DIRECTIONS FOR THIS TASK:
With the images omitted, return all of the entries exactly as they stand.

[Collection entries]
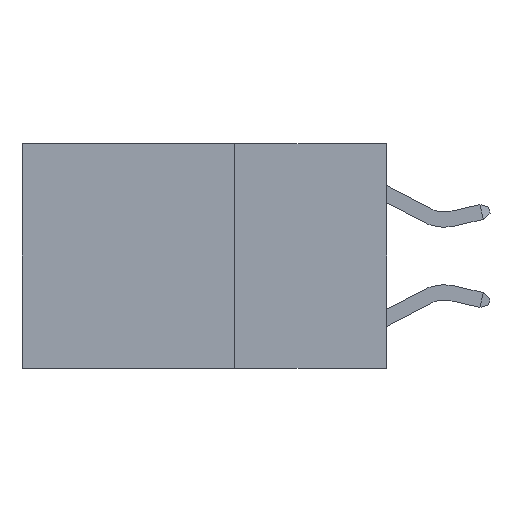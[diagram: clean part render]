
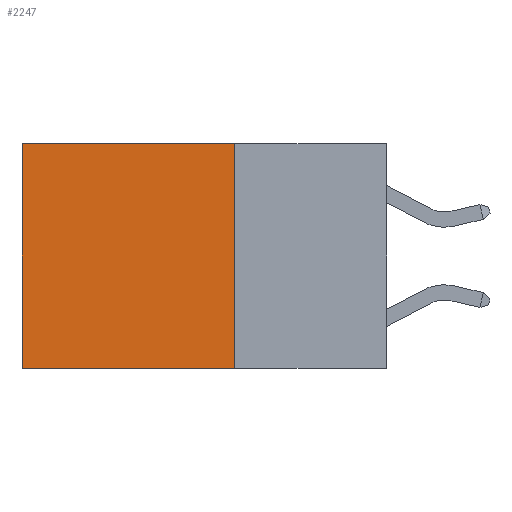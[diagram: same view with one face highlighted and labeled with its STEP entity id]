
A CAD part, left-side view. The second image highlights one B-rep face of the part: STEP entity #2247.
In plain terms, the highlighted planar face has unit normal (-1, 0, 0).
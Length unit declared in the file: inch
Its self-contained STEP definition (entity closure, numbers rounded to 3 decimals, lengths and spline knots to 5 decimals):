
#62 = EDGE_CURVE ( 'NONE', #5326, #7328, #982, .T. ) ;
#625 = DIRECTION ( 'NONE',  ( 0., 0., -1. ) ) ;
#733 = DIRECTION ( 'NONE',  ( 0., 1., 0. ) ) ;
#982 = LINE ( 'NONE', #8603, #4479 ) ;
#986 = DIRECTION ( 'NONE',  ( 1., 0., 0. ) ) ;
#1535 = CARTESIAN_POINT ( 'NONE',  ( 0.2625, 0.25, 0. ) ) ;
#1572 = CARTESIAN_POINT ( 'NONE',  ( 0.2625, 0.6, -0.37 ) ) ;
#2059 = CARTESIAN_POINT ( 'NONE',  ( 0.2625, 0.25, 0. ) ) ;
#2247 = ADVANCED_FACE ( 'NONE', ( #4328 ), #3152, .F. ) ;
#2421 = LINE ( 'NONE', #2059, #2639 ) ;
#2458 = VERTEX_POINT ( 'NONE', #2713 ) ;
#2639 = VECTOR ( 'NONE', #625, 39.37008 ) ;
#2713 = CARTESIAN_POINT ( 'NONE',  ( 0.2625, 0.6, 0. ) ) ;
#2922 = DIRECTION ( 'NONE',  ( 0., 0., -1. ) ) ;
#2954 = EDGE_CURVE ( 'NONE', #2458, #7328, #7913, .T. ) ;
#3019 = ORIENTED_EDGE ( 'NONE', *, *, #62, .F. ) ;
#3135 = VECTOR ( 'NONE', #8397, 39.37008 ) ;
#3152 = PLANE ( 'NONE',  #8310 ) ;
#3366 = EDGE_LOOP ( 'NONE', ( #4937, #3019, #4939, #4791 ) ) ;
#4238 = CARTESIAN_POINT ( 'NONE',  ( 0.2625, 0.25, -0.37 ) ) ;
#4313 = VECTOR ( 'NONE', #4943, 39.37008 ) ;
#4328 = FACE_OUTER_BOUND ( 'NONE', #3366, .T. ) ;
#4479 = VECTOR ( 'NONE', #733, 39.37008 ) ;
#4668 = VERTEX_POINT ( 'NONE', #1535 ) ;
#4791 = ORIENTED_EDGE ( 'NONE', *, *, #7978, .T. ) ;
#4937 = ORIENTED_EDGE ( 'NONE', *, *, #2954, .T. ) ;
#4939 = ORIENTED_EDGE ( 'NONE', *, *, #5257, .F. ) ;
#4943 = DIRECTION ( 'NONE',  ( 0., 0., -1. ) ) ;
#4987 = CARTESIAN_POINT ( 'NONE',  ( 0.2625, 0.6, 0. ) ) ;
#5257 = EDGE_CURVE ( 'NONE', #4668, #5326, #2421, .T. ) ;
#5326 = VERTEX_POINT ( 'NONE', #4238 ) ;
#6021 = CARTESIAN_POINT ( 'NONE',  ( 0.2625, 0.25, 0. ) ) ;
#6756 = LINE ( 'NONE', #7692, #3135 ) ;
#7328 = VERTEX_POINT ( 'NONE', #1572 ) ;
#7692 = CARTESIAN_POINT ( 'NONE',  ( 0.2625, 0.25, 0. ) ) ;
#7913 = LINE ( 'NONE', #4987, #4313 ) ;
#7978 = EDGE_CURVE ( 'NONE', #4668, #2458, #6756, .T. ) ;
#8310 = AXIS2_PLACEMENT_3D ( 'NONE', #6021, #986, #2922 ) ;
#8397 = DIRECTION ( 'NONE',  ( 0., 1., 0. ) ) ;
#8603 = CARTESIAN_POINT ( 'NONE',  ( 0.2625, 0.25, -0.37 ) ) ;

SOLUTION FOR THIS EXERCISE:
[diagram: clean part render]
[diagram: same view with one face highlighted and labeled with its STEP entity id]
A CAD part, left-side view. The second image highlights one B-rep face of the part: STEP entity #2247.
In plain terms, the highlighted planar face has unit normal (-1, 0, 0).
Length unit declared in the file: inch
Its self-contained STEP definition (entity closure, numbers rounded to 3 decimals, lengths and spline knots to 5 decimals):
#62 = EDGE_CURVE ( 'NONE', #5326, #7328, #982, .T. ) ;
#625 = DIRECTION ( 'NONE',  ( 0., 0., -1. ) ) ;
#733 = DIRECTION ( 'NONE',  ( 0., 1., 0. ) ) ;
#982 = LINE ( 'NONE', #8603, #4479 ) ;
#986 = DIRECTION ( 'NONE',  ( 1., 0., 0. ) ) ;
#1535 = CARTESIAN_POINT ( 'NONE',  ( 0.2625, 0.25, 0. ) ) ;
#1572 = CARTESIAN_POINT ( 'NONE',  ( 0.2625, 0.6, -0.37 ) ) ;
#2059 = CARTESIAN_POINT ( 'NONE',  ( 0.2625, 0.25, 0. ) ) ;
#2247 = ADVANCED_FACE ( 'NONE', ( #4328 ), #3152, .F. ) ;
#2421 = LINE ( 'NONE', #2059, #2639 ) ;
#2458 = VERTEX_POINT ( 'NONE', #2713 ) ;
#2639 = VECTOR ( 'NONE', #625, 39.37008 ) ;
#2713 = CARTESIAN_POINT ( 'NONE',  ( 0.2625, 0.6, 0. ) ) ;
#2922 = DIRECTION ( 'NONE',  ( 0., 0., -1. ) ) ;
#2954 = EDGE_CURVE ( 'NONE', #2458, #7328, #7913, .T. ) ;
#3019 = ORIENTED_EDGE ( 'NONE', *, *, #62, .F. ) ;
#3135 = VECTOR ( 'NONE', #8397, 39.37008 ) ;
#3152 = PLANE ( 'NONE',  #8310 ) ;
#3366 = EDGE_LOOP ( 'NONE', ( #4937, #3019, #4939, #4791 ) ) ;
#4238 = CARTESIAN_POINT ( 'NONE',  ( 0.2625, 0.25, -0.37 ) ) ;
#4313 = VECTOR ( 'NONE', #4943, 39.37008 ) ;
#4328 = FACE_OUTER_BOUND ( 'NONE', #3366, .T. ) ;
#4479 = VECTOR ( 'NONE', #733, 39.37008 ) ;
#4668 = VERTEX_POINT ( 'NONE', #1535 ) ;
#4791 = ORIENTED_EDGE ( 'NONE', *, *, #7978, .T. ) ;
#4937 = ORIENTED_EDGE ( 'NONE', *, *, #2954, .T. ) ;
#4939 = ORIENTED_EDGE ( 'NONE', *, *, #5257, .F. ) ;
#4943 = DIRECTION ( 'NONE',  ( 0., 0., -1. ) ) ;
#4987 = CARTESIAN_POINT ( 'NONE',  ( 0.2625, 0.6, 0. ) ) ;
#5257 = EDGE_CURVE ( 'NONE', #4668, #5326, #2421, .T. ) ;
#5326 = VERTEX_POINT ( 'NONE', #4238 ) ;
#6021 = CARTESIAN_POINT ( 'NONE',  ( 0.2625, 0.25, 0. ) ) ;
#6756 = LINE ( 'NONE', #7692, #3135 ) ;
#7328 = VERTEX_POINT ( 'NONE', #1572 ) ;
#7692 = CARTESIAN_POINT ( 'NONE',  ( 0.2625, 0.25, 0. ) ) ;
#7913 = LINE ( 'NONE', #4987, #4313 ) ;
#7978 = EDGE_CURVE ( 'NONE', #4668, #2458, #6756, .T. ) ;
#8310 = AXIS2_PLACEMENT_3D ( 'NONE', #6021, #986, #2922 ) ;
#8397 = DIRECTION ( 'NONE',  ( 0., 1., 0. ) ) ;
#8603 = CARTESIAN_POINT ( 'NONE',  ( 0.2625, 0.25, -0.37 ) ) ;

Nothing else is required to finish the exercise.